Trust Me, I'm Lying: Confessions of a Media Manipulator
- First edition (US)
- Author: Ryan Holiday
- Cover artist: Erin Tyler
- Language: English
- Subject: Marketing, Journalism, The Internet
- Genre: Non-fiction
- Publisher: Portfolio (US) Profile Books (UK)
- Publication date: July 19, 2012
- Publication place: United States
- Pages: 288 pages
- ISBN: 978-1591845539
- OCLC: 1021884532
- Dewey Decimal: 659.20285'67532–dc23
- LC Class: HF534.H7416

= Trust Me, I'm Lying =

2012 book by Ryan Holiday

Trust Me, I'm Lying: Confessions of a Media Manipulator is a book by Ryan Holiday chronicling his time working as a media strategist for clients including Tucker Max, Robert Greene, and Dov Charney.

==Background and description==
Trust Me, I'm Lying was billed as an exposé of the online journalism system that rose to prominence in the decade before the book's 2012 publication.

Holiday is the former Director of Marketing for American Apparel, where he created controversial campaigns that garnered widespread publicity. Holiday has also done publicity work for Tucker Max, including marketing for the film adaptation of I Hope They Serve Beer in Hell and a media stunt about Max's failed attempt to donate $500,000 to Planned Parenthood.
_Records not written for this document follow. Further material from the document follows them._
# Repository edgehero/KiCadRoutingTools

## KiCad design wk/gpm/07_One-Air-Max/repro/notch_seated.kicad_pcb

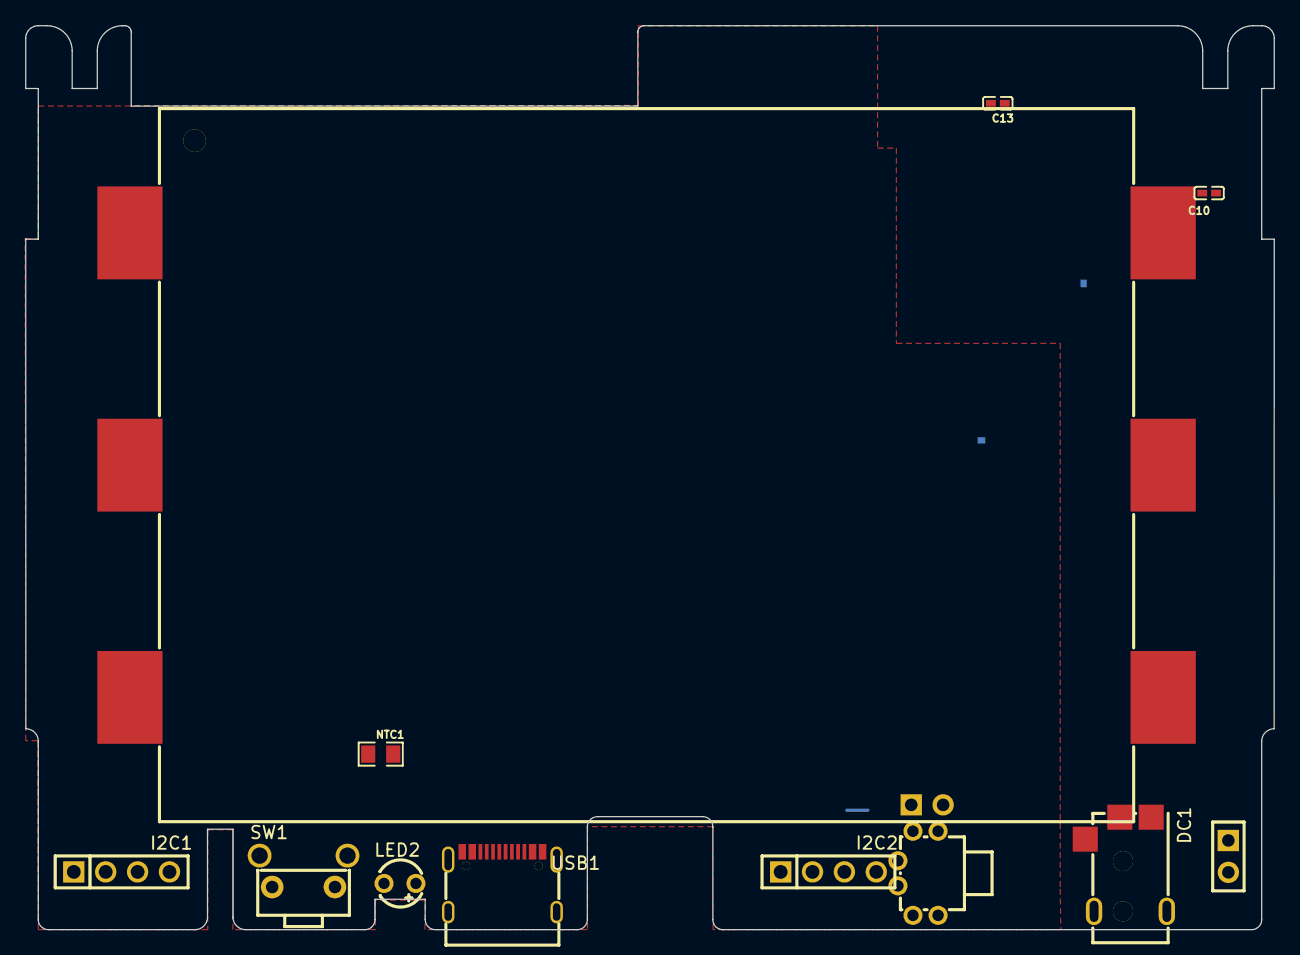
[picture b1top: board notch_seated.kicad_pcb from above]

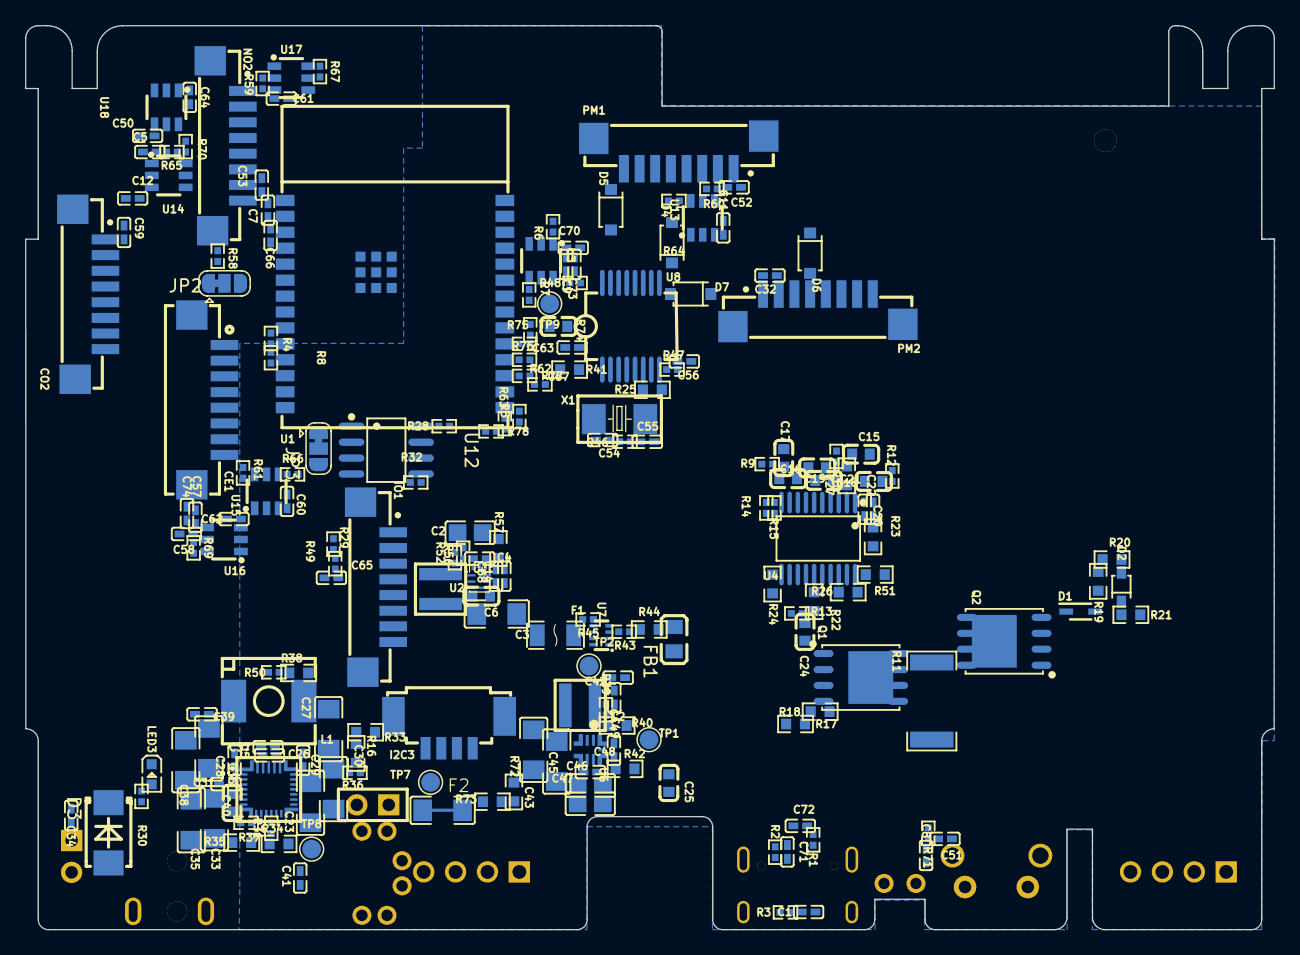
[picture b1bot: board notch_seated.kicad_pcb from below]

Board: 4 copper layers, 99.5 x 72.0 mm, 204 parts (192 on the bottom side), 120 nets, no tracks yet.

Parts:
BAT1: BH-18650-B5BA016; BAT-SMD_BH-18650-B5BA016
Battery1: ZX-PM2.54-1-2PY; HDR-TH_2P-P2.54-V-F
C1, C5, C7, C9, C10, C11, C12, C13, C26, C31, C34, C37, C39, C42, C44, C47, C50, C51, C52, C53, C56, C63, C65, C70: 0.1uF; C0402
C2: 10uF/25V; C0805
C3: 22uF/16V; C1206
C4, C49: 3.3nF; C0402
C6: 22uF; C0603
C8: 10nF; C0402
C14, C57, C58, C68, C74: 22uF; C0402
C15, C16, C17, C18, C19, C21, C24, C25: 0.1uF/50V; C0603
C20, C22: 1uF/50V; C0402
C23, C27, C30, C33, C35, C38, C40, C43, C45: 10uF; C1206
C28, C29: 47nF; C0402
C32, C59, C60, C61, C62, C64: 2.2uF; C0402
C36: 4.7uF; C0603
C41, C71, C72: 1nF; C0402
C46, C48: 22uF; C0805
C54, C55: 22pF_NM; C0402
C66, C73: 1uF; C0402
C67: 500pF; C0603
CE1: HC-1.25-8PWT; CONN-SMD_HC-1.25-8PWT
CO2: HC-1.25-8PLT; CONN-SMD_8P-P1.25_HC-1.25-8PLT
D1: BAS16J_135; SOD2512X80N
D2: MMSZ5246BS-7-F; SOD-323_L1.8-W1.3-LS2.5-RD
D3: SMBJ24A_C908801; SMB_L4.4-W3.6-LS5.3-RD
D4, D5, D6, D7: B5817W_C7420328; SOD-123_L2.7-W1.6-LS3.7-FD
DC1: DC-045A-13A; DC-IN-SMD_DC-045A-13A
F1: 2A-16V; F1206
F2: Fuse 5A; PCB_fuse
FB1: PBY201209T-601Y-N; L0805
I2C1, I2C2: Conn_01x04; HDR-TH_4P-P2.54-V-F
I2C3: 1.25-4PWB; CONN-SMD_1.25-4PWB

The book is split into two parts: the first explains why blogs matter, how they drive the news, and how they can be manipulated, while the second shows what happens when this is done, how it backfires, and the consequences of the current media system.

As an example of his argument that blogs shape the news, Holiday outlines how the political blog Politico dedicated significant coverage to the campaign of Tim Pawlenty two years before the 2012 elections in order to generate pageviews for advertisers. Although Pawlenty did not yet have an official campaign, this kickstarted the media cycle which painted Pawlenty as a serious presidential candidate. As an example of the pageview-intensive blogosphere, Holiday uses the example of Jezebel writer Irin Carmon's attack on Jon Stewart and The Daily Show with misleading claims of "The Daily Show's Woman Problem." The book is also the source of a marketing and media concept now referred to as "trading up the chain", in which news is broken on small blogs and passed to successively larger and more influential media outlets.

==Release==
In 2011, it was reported that Holiday received a $500,000 advance for a tell-all exposé about these clients and the modern media system from Portfolio, a subsidiary of Penguin Books. However, some outlets later accused the advance of being a strategic marketing stunt engineered by Holiday, which he eventually confirmed as true in a later interview.

Trust Me, I'm Lying debuted on The Wall Street Journal bestseller list. Publishers Weekly stated that "Media students and bloggers would do well to heed Holiday's informative, timely, and provocative advice." Kirkus Reviews called Trust Me, I'm Lying "[a] sharp and disturbing look into the world of online reality."

In anticipation of the book's release, Holiday infiltrated the public relations service Help a Reporter Out and posed as an "expert" on various issues to show that journalists will print statements without fact checking. Holiday made decoy claims to prove the point; some of those were subsequently quoted in articles about subjects ranging from boating upkeep to insomnia to vinyl records in outlets such as The New York Times, MSNBC, and ABC, and the story was profiled in Forbes and Yahoo! News.

In 2013, The Edmonton Journal named Trust Me, I'm Lying one of their "favourite books of the year."